- [Available data]:
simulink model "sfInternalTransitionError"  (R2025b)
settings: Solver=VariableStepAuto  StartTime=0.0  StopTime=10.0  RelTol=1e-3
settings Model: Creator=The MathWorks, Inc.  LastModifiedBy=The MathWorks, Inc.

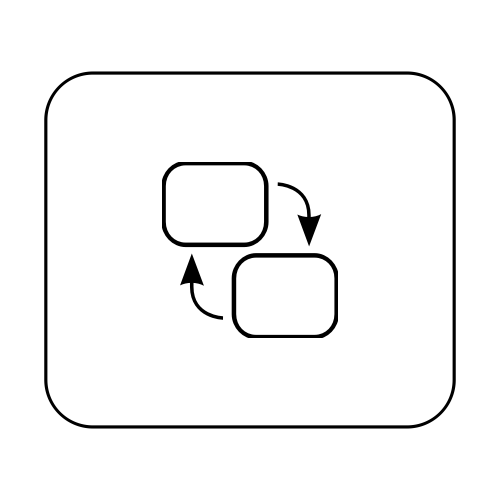
[thumbnail: Simulink's stored preview of the top-level diagram]
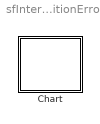
== system sfInternalTransitionError ==
  Chart : Stateflow chart  TreatAsAtomicUnit=on

== stateflow chart sfInternalTransitionError/Chart ==
  state A
    A -> (junction 5) [order 1] : every(1,tick){x=x+1; local}
  (default) -> A
  A -> (junction 15) [order 1] : every(1,tick)
  (junction 16) -> A : {x=x+3;}
  (junction 15) -> (junction 16)
  data: x local =0
  events: local local FUNCTION_CALL_EVENT
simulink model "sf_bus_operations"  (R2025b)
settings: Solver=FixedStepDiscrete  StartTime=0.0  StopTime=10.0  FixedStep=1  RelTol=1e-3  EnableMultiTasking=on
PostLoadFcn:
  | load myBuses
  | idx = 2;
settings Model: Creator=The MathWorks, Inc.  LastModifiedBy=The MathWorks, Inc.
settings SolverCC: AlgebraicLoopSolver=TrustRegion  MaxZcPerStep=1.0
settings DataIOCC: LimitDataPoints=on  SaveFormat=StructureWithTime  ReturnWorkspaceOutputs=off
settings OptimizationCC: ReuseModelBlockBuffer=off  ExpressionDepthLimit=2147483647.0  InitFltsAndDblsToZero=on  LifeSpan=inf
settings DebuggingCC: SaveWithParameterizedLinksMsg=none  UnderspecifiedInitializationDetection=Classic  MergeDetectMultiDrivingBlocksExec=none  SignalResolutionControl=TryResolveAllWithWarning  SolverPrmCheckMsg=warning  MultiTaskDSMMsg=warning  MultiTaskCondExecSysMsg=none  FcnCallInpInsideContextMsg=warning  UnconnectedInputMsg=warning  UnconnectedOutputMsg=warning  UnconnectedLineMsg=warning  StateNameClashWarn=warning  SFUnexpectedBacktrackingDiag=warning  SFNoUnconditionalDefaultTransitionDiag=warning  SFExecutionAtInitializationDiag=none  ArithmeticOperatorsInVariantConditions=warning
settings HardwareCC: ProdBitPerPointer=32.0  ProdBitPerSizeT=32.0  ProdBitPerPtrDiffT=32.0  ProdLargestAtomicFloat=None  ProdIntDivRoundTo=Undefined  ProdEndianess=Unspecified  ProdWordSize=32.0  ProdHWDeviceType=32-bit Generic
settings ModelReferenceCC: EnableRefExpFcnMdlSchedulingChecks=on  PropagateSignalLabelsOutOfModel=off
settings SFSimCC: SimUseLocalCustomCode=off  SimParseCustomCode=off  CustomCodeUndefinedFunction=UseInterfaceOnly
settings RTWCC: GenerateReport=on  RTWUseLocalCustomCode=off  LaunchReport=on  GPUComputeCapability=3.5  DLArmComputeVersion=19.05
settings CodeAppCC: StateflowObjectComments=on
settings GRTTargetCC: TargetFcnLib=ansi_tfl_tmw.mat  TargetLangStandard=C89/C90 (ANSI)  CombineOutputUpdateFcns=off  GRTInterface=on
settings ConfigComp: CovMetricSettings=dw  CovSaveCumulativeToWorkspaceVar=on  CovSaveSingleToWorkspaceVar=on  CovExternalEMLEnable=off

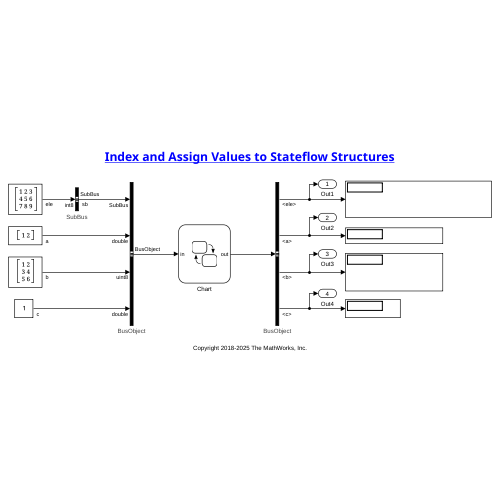
[thumbnail: Simulink's stored preview of the top-level diagram]
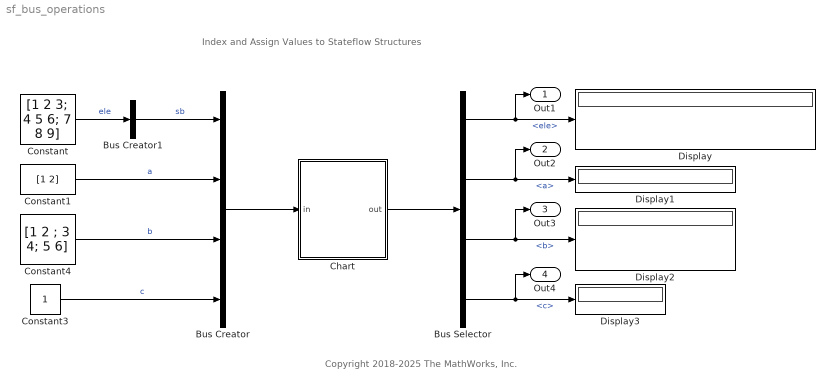
== system sf_bus_operations ==
  note: Copyright 2018-2025 The MathWorks, Inc.
  note: Index and Assign Values to Stateflow Structures
  Bus Creator : BusCreator  Inputs=4  OutDataTypeStr=Bus: BusObject  NonVirtualBus=on
      settings: AttributesFormatString=BusObject
  Bus Creator1 : BusCreator  Inputs=1  OutDataTypeStr=Bus: SubBus  NonVirtualBus=on
      settings: AttributesFormatString=SubBus
  Bus Selector : BusSelector  OutputSignals=sb.ele,a,b,c
      settings: AttributesFormatString=BusObject
  Chart : Stateflow chart  TreatAsAtomicUnit=on
  Constant : Constant  Value=[1 2 3; 4 5 6; 7 8 9]  OutDataTypeStr=int8
  Constant1 : Constant  Value=[1 2]  OutDataTypeStr=double
  Constant3 : Constant  OutDataTypeStr=double
  Constant4 : Constant  Value=[1 2 ; 3 4; 5 6]  OutDataTypeStr=uint8
  Display{,1..3} (4 alike) : Display
  Out1 : Outport  VectorParamsAs1DForOutWhenUnconnected=off
  Out2 : Outport  Port=2  VectorParamsAs1DForOutWhenUnconnected=off
  Out3 : Outport  Port=3  VectorParamsAs1DForOutWhenUnconnected=off
  Out4 : Outport  Port=4  VectorParamsAs1DForOutWhenUnconnected=off
  wires:
  Bus Creator/1 -> Chart/1(in)
  Bus Creator1/1 -> Bus Creator/1  "sb"
  Constant1/1 -> Bus Creator/2  "a"
  Constant3/1 -> Bus Creator/4  "c"
  Chart/1(out) -> Bus Selector/1
  Bus Selector/1 -> Display/1, Out1/1  "<ele>"
  Bus Selector/2 -> Display1/1, Out2/1  "<a>"
  Bus Selector/3 -> Out3/1, Display2/1  "<b>"
  Bus Selector/4 -> Display3/1, Out4/1  "<c>"
  Constant/1 -> Bus Creator1/1  "ele"
  Constant4/1 -> Bus Creator/3  "b"

== stateflow chart sf_bus_operations/Chart ==
  state A
    en:
    localbus = sb2abc(in.sb);
    subBusArray(1) = in.sb;
    subBusArray(2) = abc2sb(in);
    subBusArray(3).ele = transpose(in.sb.ele);
    subBusArray(4).ele = int8(magic(3));
    out = localbus;
    out.sb = subBusArray(idx);
  state y = abc2sb(u) [function]
    (default) -> (junction 6) : {
        | y.ele = int8([u.a(1) u.a(2) u.c; transpose(u.b)]);
        | }
  (default) -> A
  data: y function_output Bus: BusObject size=1; u function_input Bus: SubBus size=1; u function_input Bus: BusObject size=1; y function_output Bus: SubBus size=1; in input; out output Bus: BusObject size=1; subBusArray local Bus: SubBus size=4; localbus local Bus: BusObject size=1; idx parameter
  function y = sb2abc(u):
    | function y = sb2abc(u)
    | 
    | % extract data from input structure
    | 
    | A = double(u.ele(1:2,1));
    | B = uint8(u.ele(:,2:3));
    | C = double(u.ele(3,1));
    | 
    | % create local structure
    | 
    | X = struct(ele=int8(zeros(3)));
    | Y = struct(sb=X,a=A,b=B,c=C);
    | 
    | % assign value to output structure
    | 
    | y = Y;
    | 
    | end
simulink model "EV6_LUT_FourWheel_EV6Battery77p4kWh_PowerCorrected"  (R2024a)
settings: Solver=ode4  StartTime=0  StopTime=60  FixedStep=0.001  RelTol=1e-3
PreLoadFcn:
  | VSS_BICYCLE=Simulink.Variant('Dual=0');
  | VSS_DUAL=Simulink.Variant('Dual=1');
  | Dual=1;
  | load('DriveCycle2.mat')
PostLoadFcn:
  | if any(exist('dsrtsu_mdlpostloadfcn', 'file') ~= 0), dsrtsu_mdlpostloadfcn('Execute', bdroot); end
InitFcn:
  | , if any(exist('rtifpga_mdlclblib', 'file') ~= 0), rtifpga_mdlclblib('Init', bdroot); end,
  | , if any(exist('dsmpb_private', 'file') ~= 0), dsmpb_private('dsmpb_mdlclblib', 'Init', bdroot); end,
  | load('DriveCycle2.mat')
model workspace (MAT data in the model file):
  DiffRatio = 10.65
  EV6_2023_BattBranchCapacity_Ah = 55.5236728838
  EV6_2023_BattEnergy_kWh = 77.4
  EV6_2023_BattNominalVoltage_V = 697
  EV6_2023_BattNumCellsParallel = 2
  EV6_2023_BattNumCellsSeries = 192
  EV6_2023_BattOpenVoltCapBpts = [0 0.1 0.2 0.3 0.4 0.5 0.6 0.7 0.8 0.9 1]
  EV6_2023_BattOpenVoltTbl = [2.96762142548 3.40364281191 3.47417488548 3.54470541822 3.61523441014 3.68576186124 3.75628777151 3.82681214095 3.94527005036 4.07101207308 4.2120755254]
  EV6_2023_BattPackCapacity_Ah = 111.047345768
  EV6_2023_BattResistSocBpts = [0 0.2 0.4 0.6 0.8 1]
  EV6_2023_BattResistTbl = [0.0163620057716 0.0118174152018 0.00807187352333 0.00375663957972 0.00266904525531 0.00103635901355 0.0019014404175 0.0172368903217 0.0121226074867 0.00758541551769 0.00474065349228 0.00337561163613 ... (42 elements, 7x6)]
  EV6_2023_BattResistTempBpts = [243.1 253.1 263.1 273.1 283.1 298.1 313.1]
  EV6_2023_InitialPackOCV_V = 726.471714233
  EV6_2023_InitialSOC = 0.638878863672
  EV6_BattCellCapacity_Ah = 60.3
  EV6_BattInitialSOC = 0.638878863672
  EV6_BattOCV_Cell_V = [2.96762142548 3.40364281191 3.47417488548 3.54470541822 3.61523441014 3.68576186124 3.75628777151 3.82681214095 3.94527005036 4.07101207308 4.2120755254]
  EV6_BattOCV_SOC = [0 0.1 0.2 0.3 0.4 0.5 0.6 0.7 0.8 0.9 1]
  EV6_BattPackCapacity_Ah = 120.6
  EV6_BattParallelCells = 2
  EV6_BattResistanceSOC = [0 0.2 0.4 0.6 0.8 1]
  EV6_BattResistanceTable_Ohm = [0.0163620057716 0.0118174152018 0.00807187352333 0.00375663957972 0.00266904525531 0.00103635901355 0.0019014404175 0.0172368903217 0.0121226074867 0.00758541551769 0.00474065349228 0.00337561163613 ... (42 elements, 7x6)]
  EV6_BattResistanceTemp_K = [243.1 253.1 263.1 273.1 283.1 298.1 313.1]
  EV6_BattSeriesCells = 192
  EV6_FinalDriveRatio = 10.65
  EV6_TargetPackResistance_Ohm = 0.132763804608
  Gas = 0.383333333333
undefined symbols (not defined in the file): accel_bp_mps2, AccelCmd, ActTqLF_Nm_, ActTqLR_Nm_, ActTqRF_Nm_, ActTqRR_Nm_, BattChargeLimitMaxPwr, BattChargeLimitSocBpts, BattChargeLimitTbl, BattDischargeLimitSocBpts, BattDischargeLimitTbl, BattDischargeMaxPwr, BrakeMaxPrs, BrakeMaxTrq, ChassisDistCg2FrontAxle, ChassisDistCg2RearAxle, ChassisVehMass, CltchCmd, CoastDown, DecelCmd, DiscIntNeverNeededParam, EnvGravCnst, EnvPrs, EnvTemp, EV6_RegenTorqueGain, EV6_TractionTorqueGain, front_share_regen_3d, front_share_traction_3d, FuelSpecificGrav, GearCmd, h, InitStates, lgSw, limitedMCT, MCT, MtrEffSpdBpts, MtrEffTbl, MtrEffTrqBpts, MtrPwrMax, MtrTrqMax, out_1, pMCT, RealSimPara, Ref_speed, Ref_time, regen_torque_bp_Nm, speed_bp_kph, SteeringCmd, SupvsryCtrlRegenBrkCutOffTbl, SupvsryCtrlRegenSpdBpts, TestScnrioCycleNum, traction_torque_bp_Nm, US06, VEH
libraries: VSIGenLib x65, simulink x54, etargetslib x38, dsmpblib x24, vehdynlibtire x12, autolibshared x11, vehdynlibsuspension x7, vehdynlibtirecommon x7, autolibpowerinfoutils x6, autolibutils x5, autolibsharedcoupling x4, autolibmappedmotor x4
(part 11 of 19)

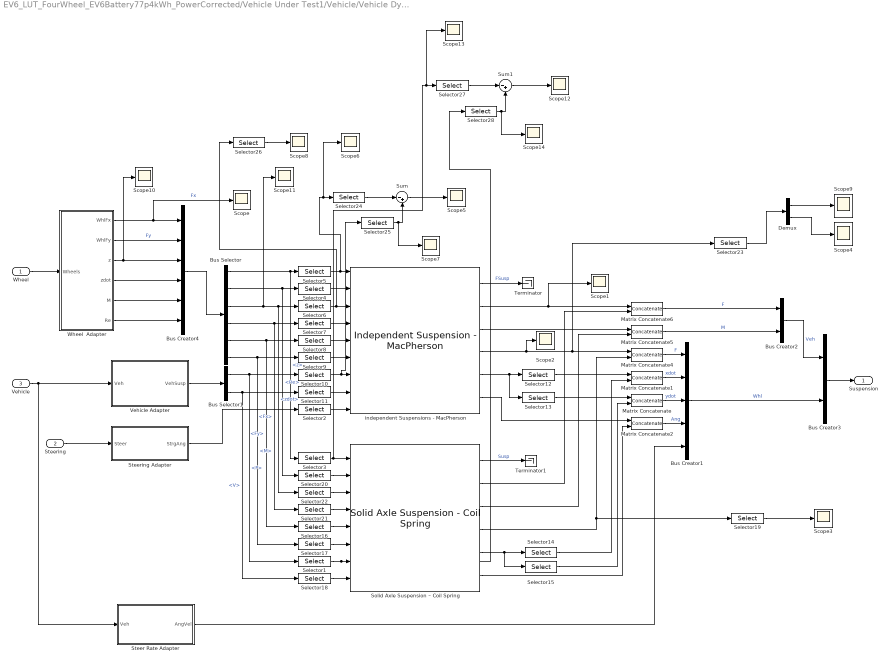
== system EV6_LUT_FourWheel_EV6Battery77p4kWh_PowerCorrected/Vehicle Under Test1/Vehicle/Vehicle Dynamics/Vehicle 14DOF/Suspension/MacPherson Front Suspension Solid Axle Rear Suspension ==
  Wheel : Inport
  Steering : Inport  Port=2
  Vehicle : Inport  Port=3
  Bus Creator1 : BusCreator  Inputs=5
  Bus Creator2 : BusCreator  Inputs=2
  Bus Creator3 : BusCreator  Inputs=2
  Bus Creator4 : BusCreator  Inputs=6
  Bus Selector : BusSelector  OutputSignals=z,Re,zdot,Fx,Fy,M
  Bus Selector1 : BusSelector  OutputSignals=P,V
  Demux : Demux  Outputs=2
  Matrix Concatenate{,1..2,4..6} (6 alike) : Concatenate  Mode=Multidimensional array  ConcatenateDimension=2
  Scope{,1..14} (15 alike) : Scope
  Selector1 : Selector  NumberOfDimensions=2  IndexOptions=Select all,Index vector (dialog)  Indices=[1 2],[3 4]  OutputSizes=1,1
  Selector10 : Selector  NumberOfDimensions=2  IndexOptions=Select all,Index vector (dialog)  Indices=[1 2],[1 2]  OutputSizes=1,1
  Selector11 : Selector  NumberOfDimensions=2  IndexOptions=Select all,Index vector (dialog)  Indices=[1 2],[1 2]  OutputSizes=1,1
  Selector12 : Selector  NumberOfDimensions=2  InputPortWidth=3  IndexOptions=Index vector (dialog),Select all  Indices=1,1  OutputSizes=1,1
  Selector13 : Selector  NumberOfDimensions=2  InputPortWidth=3  IndexOptions=Index vector (dialog),Select all  Indices=2,1  OutputSizes=1,1
  Selector14 : Selector  NumberOfDimensions=2  InputPortWidth=3  IndexOptions=Index vector (dialog),Select all  Indices=1,1  OutputSizes=1,1
  Selector15 : Selector  NumberOfDimensions=2  InputPortWidth=3  IndexOptions=Index vector (dialog),Select all  Indices=2,1  OutputSizes=1,1
  Selector{3,16,20..22} (5 alike) : Selector  IndexOptions=Index vector (dialog)  Indices=[3 4]  OutputSizes=1
  Selector17 : Selector  NumberOfDimensions=2  IndexOptions=Select all,Index vector (dialog)  Indices=[1 2],[3 4]  OutputSizes=1,1
  Selector18 : Selector  NumberOfDimensions=2  IndexOptions=Select all,Index vector (dialog)  Indices=[1 2],[3 4]  OutputSizes=1,1
  Selector19 : Selector  NumberOfDimensions=2  InputPortWidth=3  IndexOptions=Index vector (dialog),Select all  Indices=3,1  OutputSizes=1,1
  Selector{2,4..8} (6 alike) : Selector  IndexOptions=Index vector (dialog)  Indices=[1 2]  OutputSizes=1
  Selector23 : Selector  NumberOfDimensions=2  InputPortWidth=3  IndexOptions=Index vector (dialog),Select all  Indices=3,1  OutputSizes=1,1
  Selector24 : Selector  IndexOptions=Index vector (dialog)  Indices=[1]  OutputSizes=1
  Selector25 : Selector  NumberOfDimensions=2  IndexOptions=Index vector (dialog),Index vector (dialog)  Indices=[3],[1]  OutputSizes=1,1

- [Problem statement]: Would you quote everything above from the line containing "settings SolverCC: AlgebraicLoopSolver=TrustRegion" down to the line containing "settings HardwareCC: ProdBitPerPointer=32.0"? Include both of those lines and nothing else.

- [Problem solution]:
settings SolverCC: AlgebraicLoopSolver=TrustRegion  MaxZcPerStep=1.0
settings DataIOCC: LimitDataPoints=on  SaveFormat=StructureWithTime  ReturnWorkspaceOutputs=off
settings OptimizationCC: ReuseModelBlockBuffer=off  ExpressionDepthLimit=2147483647.0  InitFltsAndDblsToZero=on  LifeSpan=inf
settings DebuggingCC: SaveWithParameterizedLinksMsg=none  UnderspecifiedInitializationDetection=Classic  MergeDetectMultiDrivingBlocksExec=none  SignalResolutionControl=TryResolveAllWithWarning  SolverPrmCheckMsg=warning  MultiTaskDSMMsg=warning  MultiTaskCondExecSysMsg=none  FcnCallInpInsideContextMsg=warning  UnconnectedInputMsg=warning  UnconnectedOutputMsg=warning  UnconnectedLineMsg=warning  StateNameClashWarn=warning  SFUnexpectedBacktrackingDiag=warning  SFNoUnconditionalDefaultTransitionDiag=warning  SFExecutionAtInitializationDiag=none  ArithmeticOperatorsInVariantConditions=warning
settings HardwareCC: ProdBitPerPointer=32.0  ProdBitPerSizeT=32.0  ProdBitPerPtrDiffT=32.0  ProdLargestAtomicFloat=None  ProdIntDivRoundTo=Undefined  ProdEndianess=Unspecified  ProdWordSize=32.0  ProdHWDeviceType=32-bit Generic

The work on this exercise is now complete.